I think part of the problem is that it is not clear who/what is responsible for an object over its lifetime. Reference counting is one way of avoiding leaks, e.g. via smart_ptr, but we should still have the overall life of objects made clearer.

ye-luo commented 5 years ago

I think when we use pointers, we need to ask

  1. Is this pointer necessary? (justification)
  2. Who own the pointer? (ownership)
  3. When and where the pointer is created? (lifetime)
  4. When and where the pointer is destroyed? (lifetime)
PDoakORNL commented 5 years ago

Why do I need this pointer? Is there more fundamental problem with the design?

markdewing commented 5 years ago

In MultiQuinticSpline1D, Coeffs and first_deriv seem very similar conceptually - they are both spline parameters. They are treated differently in the class, though, because of the size differences (Coeffs is large, first_deriv is small). It seems that nothing in MultiQuinticSpline1D needs to be per-thread. A single copy of MultiQuinticSpline1D would work across threads, and Coeffs would not need to be a pointer. This would also treat Coeffs and first_deriv more equally. The copy constructor might need to be disabled to avoid inadvertent copying.

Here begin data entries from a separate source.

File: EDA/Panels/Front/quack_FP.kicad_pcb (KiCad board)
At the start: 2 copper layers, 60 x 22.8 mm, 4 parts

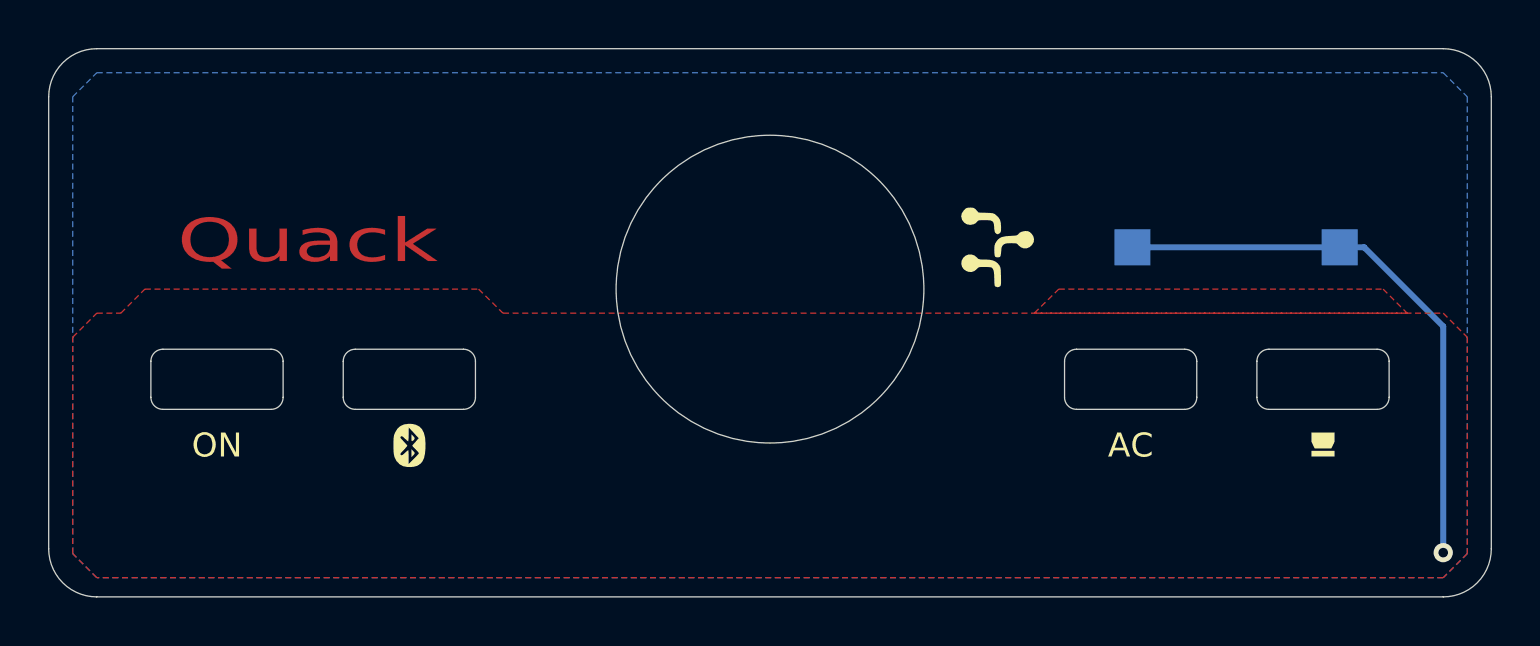
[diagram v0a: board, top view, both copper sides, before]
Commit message: New FR-4 based front panel with shine-through LEDs
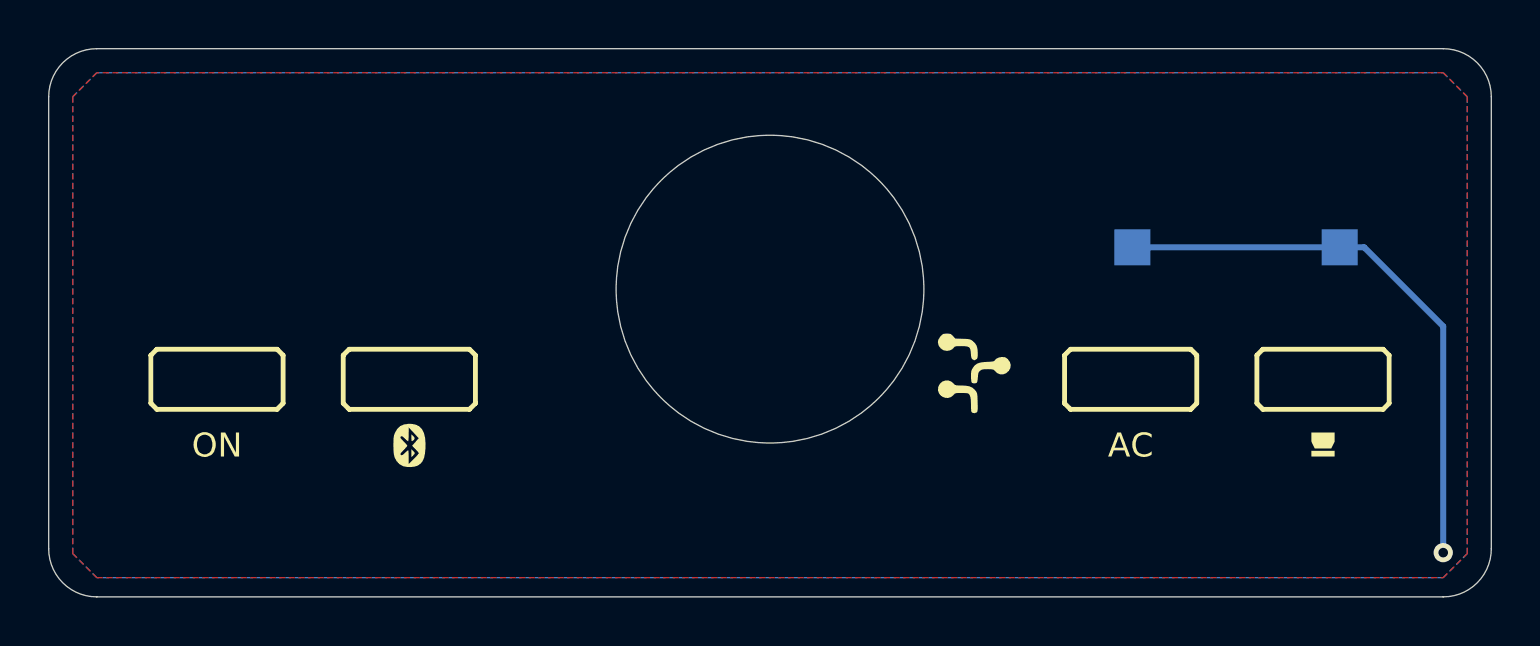
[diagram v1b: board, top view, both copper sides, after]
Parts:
- moved ADB 5.33 mm to (76.5, 53.5)
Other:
- outline, holes or cut-outs redrawn
- board text added: "Q"
- board text added: "Quack FR-4 front panel https://github.com/demik/quack"
- board text removed: "Quack"

The next class up, CuspCorrectionAtomicBasis, stores a single MultiQuinticSpline1D. Currently the temporary storage is allocated at each evaluate call, which is likely suboptimal. The temporary storage could be allocated here at the class level, and copies of the class made per-thread. Alternately, the temporary storage could be pushed up a level, to SoaCuspCorrection and passed as a parameter to the evaluate calls. Then there only needs to be a single copy of CuspCorrectionAtomicBasis as well.